Раменский лежал и смотрел в потолок. Оживленно вошли два врача и остановились близ столика у двери. Один, высокий и темноволосый, сверкая очками, восклицал вполголоса:

– Нет, вы только подумайте, ведь это – кор-пус-ный командир! От этой развалины зависит судьба сорока тысяч людей, от него может зависеть судьба целого боя!

– Ну, не так все это ужасно, – добродушно возражал другой врач, тот самый, который всегда перевязывал Раменского. – Наверное, у него опытный и дельный начальник штаба, который все и делает.

– Николай Иванович, да ведь вы слышали, как для него важны всякие внучатные племянники! Для капитана он сюда бы не поехал. Наверное, и начальником штаба у него сидит тоже чей-нибудь внучатный племянник… Боже мой, боже мой! Ведь рассказывать, – не поверит никто, скажет, что это злобный шарж, карикатура!
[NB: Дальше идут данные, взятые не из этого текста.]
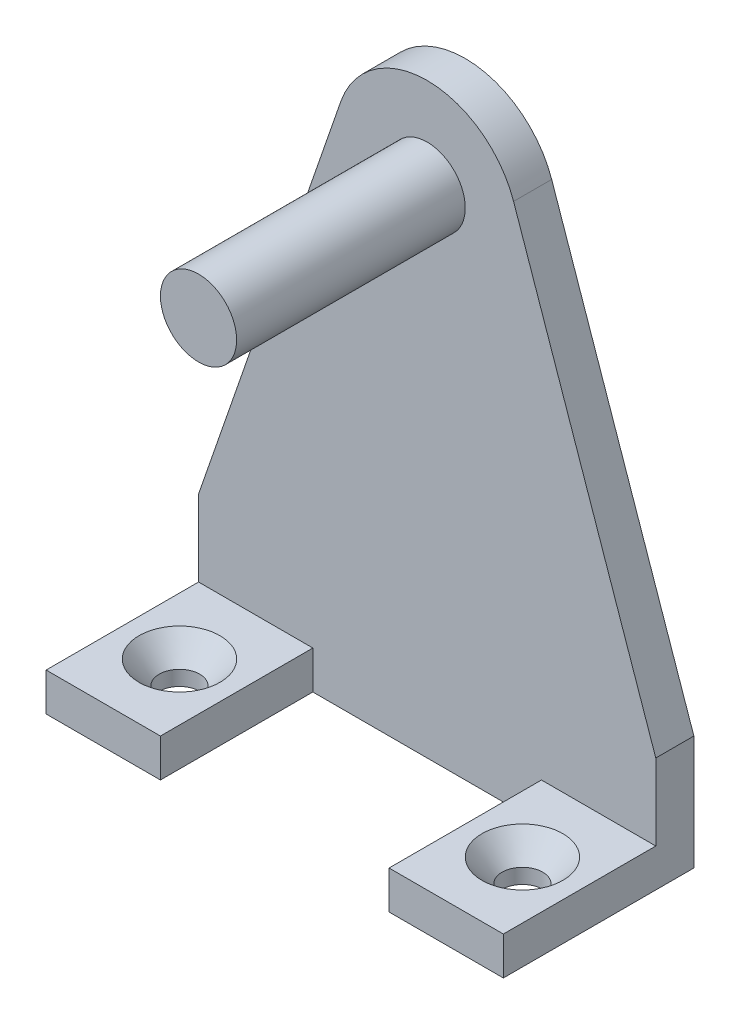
ISO-10303-21;
HEADER;
FILE_DESCRIPTION(('STEP AP214'),'2;1');
FILE_NAME('part.step','',(''),(''),'','','');
FILE_SCHEMA(('AUTOMOTIVE_DESIGN { 1 0 10303 214 1 1 1 1 }'));
ENDSEC;
DATA;
#1=APPLICATION_CONTEXT('core data for automotive mechanical design processes');
#2=APPLICATION_PROTOCOL_DEFINITION('international standard','automotive_design',2000,#1);
#3=PRODUCT_CONTEXT('',#1,'mechanical');
#4=PRODUCT('Part','Part','',(#3));
#5=PRODUCT_RELATED_PRODUCT_CATEGORY('part','',(#4));
#6=PRODUCT_DEFINITION_FORMATION('','',#4);
#7=PRODUCT_DEFINITION_CONTEXT('part definition',#1,'design');
#8=PRODUCT_DEFINITION('design','',#6,#7);
#9=PRODUCT_DEFINITION_SHAPE('','',#8);
#10=(LENGTH_UNIT() NAMED_UNIT(*) SI_UNIT(.MILLI.,.METRE.));
#11=(NAMED_UNIT(*) PLANE_ANGLE_UNIT() SI_UNIT($,.RADIAN.));
#12=(NAMED_UNIT(*) SI_UNIT($,.STERADIAN.) SOLID_ANGLE_UNIT());
#13=UNCERTAINTY_MEASURE_WITH_UNIT(LENGTH_MEASURE(1.E-05),#10,'distance_accuracy_value','');
#14=(GEOMETRIC_REPRESENTATION_CONTEXT(3) GLOBAL_UNCERTAINTY_ASSIGNED_CONTEXT((#13)) GLOBAL_UNIT_ASSIGNED_CONTEXT((#10,
#11,#12)) REPRESENTATION_CONTEXT('',''));
#15=CARTESIAN_POINT('',(0.,0.,0.));
#16=DIRECTION('',(0.,0.,1.));
#17=DIRECTION('',(1.,0.,0.));
#18=AXIS2_PLACEMENT_3D('',#15,#16,#17);
#19=CARTESIAN_POINT('',(-38.1,6.35,25.4));
#20=DIRECTION('',(0.,-1.,0.));
#21=DIRECTION('',(1.,0.,0.));
#22=AXIS2_PLACEMENT_3D('',#19,#20,#21);
#23=PLANE('',#22);
#24=DIRECTION('',(-1.,0.,0.));
#25=VECTOR('',#24,1.);
#26=CARTESIAN_POINT('',(-38.1,6.35,0.));
#27=LINE('',#26,#25);
#28=CARTESIAN_POINT('',(-19.05,6.34999999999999,0.));
#29=VERTEX_POINT('',#28);
#30=CARTESIAN_POINT('',(-38.1,6.34999999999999,0.));
#31=VERTEX_POINT('',#30);
#32=EDGE_CURVE('E183',#29,#31,#27,.T.);
#33=ORIENTED_EDGE('',*,*,#32,.T.);
#34=DIRECTION('',(0.,0.,-1.));
#35=VECTOR('',#34,1.);
#36=CARTESIAN_POINT('',(-38.1,6.35,25.4));
#37=LINE('',#36,#35);
#38=CARTESIAN_POINT('',(-38.1,6.35,25.4));
#39=VERTEX_POINT('',#38);
#40=EDGE_CURVE('E73',#39,#31,#37,.T.);
#41=ORIENTED_EDGE('',*,*,#40,.F.);
#42=DIRECTION('',(-1.,0.,0.));
#43=VECTOR('',#42,1.);
#44=CARTESIAN_POINT('',(-38.1,6.35,25.4));
#45=LINE('',#44,#43);
#46=CARTESIAN_POINT('',(-19.05,6.34999999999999,25.4));
#47=VERTEX_POINT('',#46);
#48=EDGE_CURVE('E187',#47,#39,#45,.T.);
#49=ORIENTED_EDGE('',*,*,#48,.F.);
#50=DIRECTION('',(0.,0.,-1.));
#51=VECTOR('',#50,1.);
#52=CARTESIAN_POINT('',(-19.05,6.34999999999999,25.4));
#53=LINE('',#52,#51);
#54=EDGE_CURVE('E192',#47,#29,#53,.T.);
#55=ORIENTED_EDGE('',*,*,#54,.T.);
#56=EDGE_LOOP('',(#33,#41,#49,#55));
#57=FACE_BOUND('',#56,.T.);
#58=CARTESIAN_POINT('',(-28.575,6.34999999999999,12.7));
#59=DIRECTION('',(0.,1.,0.));
#60=DIRECTION('',(0.,0.,1.));
#61=AXIS2_PLACEMENT_3D('',#58,#59,#60);
#62=CIRCLE('',#61,6.7437);
#63=CARTESIAN_POINT('',(-28.575,6.34999999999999,19.4437));
#64=VERTEX_POINT('',#63);
#65=EDGE_CURVE('E320',#64,#64,#62,.T.);
#66=ORIENTED_EDGE('',*,*,#65,.F.);
#67=EDGE_LOOP('',(#66));
#68=FACE_BOUND('',#67,.T.);
#69=ADVANCED_FACE('F48',(#57,#68),#23,.F.);
#70=CARTESIAN_POINT('',(38.1,6.35000000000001,25.4));
#71=DIRECTION('',(0.,-1.,0.));
#72=DIRECTION('',(1.,0.,0.));
#73=AXIS2_PLACEMENT_3D('',#70,#71,#72);
#74=PLANE('',#73);
#75=DIRECTION('',(-1.,0.,0.));
#76=VECTOR('',#75,1.);
#77=CARTESIAN_POINT('',(38.1,6.35000000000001,0.));
#78=LINE('',#77,#76);
#79=CARTESIAN_POINT('',(38.1,6.35000000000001,0.));
#80=VERTEX_POINT('',#79);
#81=CARTESIAN_POINT('',(19.05,6.35,0.));
#82=VERTEX_POINT('',#81);
#83=EDGE_CURVE('E164',#80,#82,#78,.T.);
#84=ORIENTED_EDGE('',*,*,#83,.T.);
#85=DIRECTION('',(0.,0.,-1.));
#86=VECTOR('',#85,1.);
#87=CARTESIAN_POINT('',(19.05,6.35,25.4));
#88=LINE('',#87,#86);
#89=CARTESIAN_POINT('',(19.05,6.35,25.4));
#90=VERTEX_POINT('',#89);
#91=EDGE_CURVE('E174',#90,#82,#88,.T.);
#92=ORIENTED_EDGE('',*,*,#91,.F.);
#93=DIRECTION('',(-1.,0.,0.));
#94=VECTOR('',#93,1.);
#95=CARTESIAN_POINT('',(38.1,6.35000000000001,25.4));
#96=LINE('',#95,#94);
#97=CARTESIAN_POINT('',(38.1,6.35000000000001,25.4));
#98=VERTEX_POINT('',#97);
#99=EDGE_CURVE('E157',#98,#90,#96,.T.);
#100=ORIENTED_EDGE('',*,*,#99,.F.);
#101=DIRECTION('',(0.,0.,-1.));
#102=VECTOR('',#101,1.);
#103=CARTESIAN_POINT('',(38.1,6.35000000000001,25.4));
#104=LINE('',#103,#102);
#105=EDGE_CURVE('E154',#98,#80,#104,.T.);
#106=ORIENTED_EDGE('',*,*,#105,.T.);
#107=EDGE_LOOP('',(#84,#92,#100,#106));
#108=FACE_BOUND('',#107,.T.);
#109=CARTESIAN_POINT('',(28.575,6.34999999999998,12.7));
#110=DIRECTION('',(0.,1.,0.));
#111=DIRECTION('',(0.,0.,1.));
#112=AXIS2_PLACEMENT_3D('',#109,#110,#111);
#113=CIRCLE('',#112,6.7437);
#114=CARTESIAN_POINT('',(28.575,6.34999999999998,19.4437));
#115=VERTEX_POINT('',#114);
#116=EDGE_CURVE('E310',#115,#115,#113,.T.);
#117=ORIENTED_EDGE('',*,*,#116,.F.);
#118=EDGE_LOOP('',(#117));
#119=FACE_BOUND('',#118,.T.);
#120=ADVANCED_FACE('F267',(#108,#119),#74,.F.);
#121=CARTESIAN_POINT('',(0.,-48.3537648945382,0.));
#122=DIRECTION('',(0.,0.,1.));
#123=DIRECTION('',(1.,0.,0.));
#124=AXIS2_PLACEMENT_3D('',#121,#122,#123);
#125=PLANE('',#124);
#126=CARTESIAN_POINT('',(0.,82.55,0.));
#127=DIRECTION('',(0.,0.,1.));
#128=DIRECTION('',(1.,0.,0.));
#129=AXIS2_PLACEMENT_3D('',#126,#127,#128);
#130=CIRCLE('',#129,6.35);
#131=CARTESIAN_POINT('',(-6.35,82.55,0.));
#132=VERTEX_POINT('',#131);
#133=EDGE_CURVE('E198',#132,#132,#130,.T.);
#134=ORIENTED_EDGE('',*,*,#133,.F.);
#135=EDGE_LOOP('',(#134));
#136=FACE_BOUND('',#135,.T.);
#137=DIRECTION('',(0.,-1.,0.));
#138=VECTOR('',#137,1.);
#139=CARTESIAN_POINT('',(19.05,0.,0.));
#140=LINE('',#139,#138);
#141=CARTESIAN_POINT('',(19.05,0.,0.));
#142=VERTEX_POINT('',#141);
#143=EDGE_CURVE('E162',#82,#142,#140,.T.);
#144=ORIENTED_EDGE('',*,*,#143,.F.);
#145=ORIENTED_EDGE('',*,*,#83,.F.);
#146=DIRECTION('',(0.,1.,0.));
#147=VECTOR('',#146,1.);
#148=CARTESIAN_POINT('',(38.1,-48.3537648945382,0.));
#149=LINE('',#148,#147);
#150=CARTESIAN_POINT('',(38.1,19.05,0.));
#151=VERTEX_POINT('',#150);
#152=EDGE_CURVE('E226',#80,#151,#149,.T.);
#153=ORIENTED_EDGE('',*,*,#152,.T.);
#154=DIRECTION('',(-0.327012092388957,0.945020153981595,0.));
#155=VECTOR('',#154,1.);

В его голосе звучало негодование, но рядом слышалась нотка скрытого злорадства. Эту нотку Раменский не раз ловил в негодующих речах врачей, прапорщиков запаса, многих интеллигентных офицеров действительной службы. Они как будто торжествовали по поводу того, отчего Раменский был готов в отчаянии биться головою о стену.

Раменский по доброй воле поехал в действующую армию, по доброй воле поступил в строй. Чем дальше, тем больше он со скорбью убеждался, что наше полное поражение так же неотвратимо, как ход солнца по небу. Но русские ли, японцы ли, – теперь это было так все равно! Как будто важно, кто одолеет в этой маленькой, никому не понятной ссоре, – мы или враги. И странно было, как могут эти враги, – веселые и жизнерадостные, – рваться навстречу смерти и умирать со светлыми улыбками.

Важно было не это. Было важно то темное, что стояло над душою. И было важно, что сегодня вечером доктор с добродушным голосом опять будет делать перевязку, опять будут безумные боли, а доктор равнодушно будет говорить:

– Ну, ну, полковник, потерпите же немножко!

Сознание реяло далеко. Оно то смутно расплывалось в чем-то бесконечно огромном, то стягивалось в одну-единственную тесную точку. Но это происходило на другом уровне, – там не было ни ничтожных вождей, ни умирающих со светлыми улыбками врагов, ни того клубка отчаяния, разочарования и злорадного торжества, в котором бились души согнанных сюда людей.

Не оставалось никакой надежды. В обширных, размозженных ранах Раменского началась гангрена. Ноги и левый бок заживо гнили и разлагались, голова пылала, тело непрерывно вздрагивало от мучительной икоты.

Теперь в мешавшемся мозгу Раменского не было мыслей, была только невыносимая угнетенность и звериное ощущение саморазрушения. Склонявшееся над душою темное «ничто» ворвалось внутрь, коверкало там все, ломало и перемешивало.

Меры времени не было. Раменский открывал глаза, – синее небо с тупою сосредоточенностью сверкало светом, золотые былинки на гребне забора бессмысленно радостно шевелились под солнцем. Он закрывал глаза, сейчас же открывал снова, – и в глубокой темноте с легким шипением горела скучная, тусклая лампа, дежурный фельдшер клевал носом, в воздухе звучали кабацкие ругательства бредившего капитана, противные и липкие, как столики в грязной портерной. Опять он закрывал и открывал глаза, – сестра сидела за столиком у двери и писала рецепты, согнутый локоть чуть шевелился, и чуть шевелился тонкий, не стянутый корсетом стан. Этот стан, если бы его обнять рукою, должен быть противно мягкий, – неужели кто-нибудь когда-нибудь будет нелепо чмокать губами о кожу этой щеки и находить в этом удовольствие?